Маруся вымыла руки с мылом, заперла бендежку, а то валят все кому не лень, и поднялась на восьмой этаж.
В квартире Марусю обнюхал мерзкий пес шницель - разин, тучный, длинный, на коротких лапах, с волочащейся по полу сочащейся писькой. Маруся брезгливо отодвинула его ногой.
- Что с тобой, Тамаронька?
Тамара была в черном атласном халате с изумрудными драконами и сине - алыми костерками по подолу. Судя по халату, она сегодня поела тарелочку борща, селедочки, персикового компота и еще что - то рыбное, может быть, даже вареную голову толстолобика.
- Вот, - простонала Тамара, - завернула свои бриллианты, и золото, и все в бумажку, а потом выбросила ту бумажку в окно, в форточку…

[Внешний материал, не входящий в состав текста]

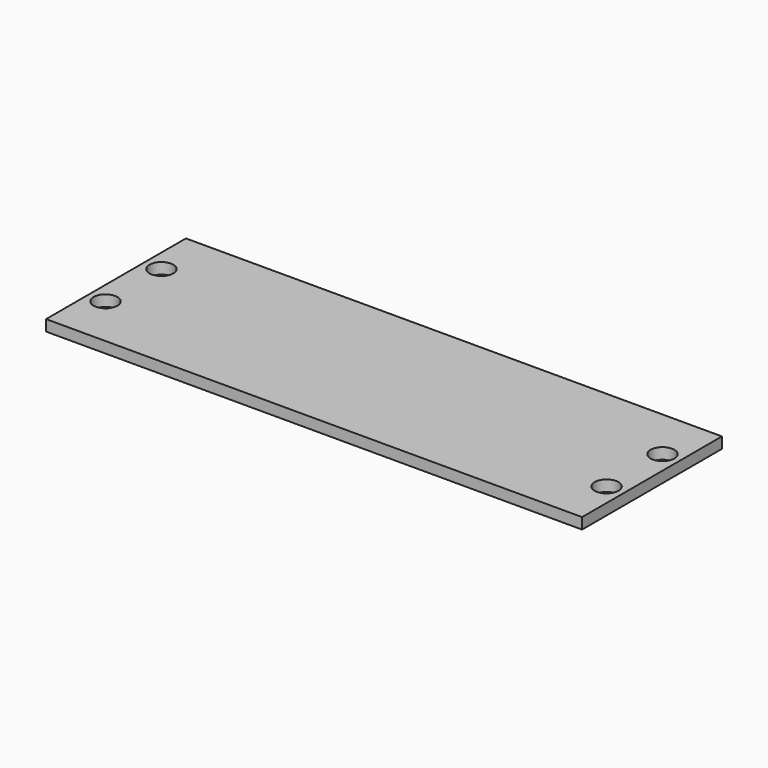
from build123d import *

# Parameters (mm, degrees)
F0_W     = 146.05
F0_H     = 47.625
F0_R     = 3.24
F1_DEPTH = 3


# Not quite as in the source:
# - ends of sketch curves that miss each other by under 0.0002 mm in the source are joined


with BuildPart() as f1:
    # F0 (on Top) → F1 (new body)
    with BuildSketch(Plane.XY):
        Rectangle(F0_W, F0_H)
        with Locations((-68.262, -9.5245)):
            Circle(F0_R, mode=Mode.SUBTRACT)
        with Locations((68.262, -9.5245)):
            Circle(F0_R, mode=Mode.SUBTRACT)
        with Locations((-68.262, 9.5245)):
            Circle(F0_R, mode=Mode.SUBTRACT)
        with BuildLine():
            Line((72.225, -15.859485), (72.225, -23.0125))
            Line((72.225, -23.0125), (-72.225, -23.0125))
            Line((-72.225, -23.0125), (-72.225, -15.874133))
            Line((-72.225, -15.874133), (-68.193705, -15.874133))
            ThreePointArc((-68.193705, -15.874133), (-61.912367271, -9.4562050029), (-68.3302949971, -3.174867271))
            Line((-68.3302949971, -3.174867271), (-72.225, -3.174867))
            Line((-72.225, -3.174867), (-72.225, 3.1745))
            Line((-72.225, 3.1745), (-68.262, 3.1745))
            ThreePointArc((-68.262, 3.1745), (-61.912, 9.5245), (-68.262, 15.8745))
            Line((-68.262, 15.8745), (-72.225, 15.8745))
            Line((-72.225, 15.8745), (-72.225, 23.0125))
            Line((-72.225, 23.0125), (72.225, 23.0125))
            Line((72.225, 23.0125), (72.225, 15.8745))
            Line((72.225, 15.8745), (68.262, 15.8745))
            ThreePointArc((68.262, 15.8745), (61.912, 9.5245), (68.262, 3.1745))
            Line((68.262, 3.1745), (72.225, 3.1745))
            Line((72.225, 3.1745), (72.225, -3.189515))
            Line((72.225, -3.189515), (67.825573, -3.189515))
            ThreePointArc((67.825573, -3.189515), (61.9270152731, -9.9609269812), (68.6984269812, -15.8594847269))
            Line((68.6984269812, -15.8594847269), (72.225, -15.859485))
        make_face(mode=Mode.SUBTRACT)
        with Locations((68.262, 9.5245)):
            Circle(F0_R, mode=Mode.SUBTRACT)
        with BuildLine():
            Line((-72.225, -23.0125), (72.225, -23.0125))
            Line((72.225, -23.0125), (72.225, -15.859485))
            Line((72.225, -15.859485), (68.698427, -15.859485))
            ThreePointArc((68.698427, -15.859485), (61.9270152731, -9.9609269812), (67.8255730188, -3.1895152731))
            Line((67.8255730188, -3.1895152731), (72.225, -3.189515))
            Line((72.225, -3.189515), (72.225, 3.1745))
            Line((72.225, 3.1745), (68.262, 3.1745))
            ThreePointArc((68.262, 3.1745), (61.912, 9.5245), (68.262, 15.8745))
            Line((68.262, 15.8745), (72.225, 15.8745))
            Line((72.225, 15.8745), (72.225, 23.0125))
            Line((72.225, 23.0125), (-72.225, 23.0125))
            Line((-72.225, 23.0125), (-72.225, 15.8745))
            Line((-72.225, 15.8745), (-68.262, 15.8745))
            ThreePointArc((-68.262, 15.8745), (-61.912, 9.5245), (-68.262, 3.1745))
            Line((-68.262, 3.1745), (-72.225, 3.1745))
            Line((-72.225, 3.1745), (-72.225, -3.174867))
            Line((-72.225, -3.174867), (-68.330295, -3.174867))
            ThreePointArc((-68.330295, -3.174867), (-61.912367271, -9.4562050029), (-68.1937050029, -15.874132729))
            Line((-68.1937050029, -15.874132729), (-72.225, -15.874133))
            Line((-72.225, -15.874133), (-72.225, -23.0125))
        make_face()
    extrude(amount=-F1_DEPTH)


solid = f1.part

- Ай! - всплеснула руками Маруся. - И давно?
- Вчера…
- Не глядела, может, еще лежит?..
- Какое там!.. Я не во двор, я на улицу. Давно уж подобрал кто - то…
Они прошли в залу. Маруся огляделась: стены, какие красивые стены! Обклеенные дорогими штофными обоями цвета топленого молока с кремовыми вензелями. С потолка свисала люстра из цветного хрусталя, укутанная в золотые и серебряные листья. В простенке между окнами как раз умостился небольшой диванчик: по голубой земле серебряная трава и кое - где по незабудке. Посредине дивана, ох, на самом видном месте - подпалина от утюга. Витые, инкрустированные медными волосками ножки изъедены собакой до голых щиколоток…
Стой! Откуда взялись эти старые рогожки? Где пол? Где паркет? Паркет из разноцветного дуба с павлинами и леопардами!..
- Эй, Тамара! Куда полы подевались?
- Все ему отдала!.. Все! Пусть забирает. И еще кооператив куплю, уже договорилась… - простонала Тамара. - Надоело… Я потеряла вкус к подобной любви…
- Какой еще вкус? - не поняла Маруся.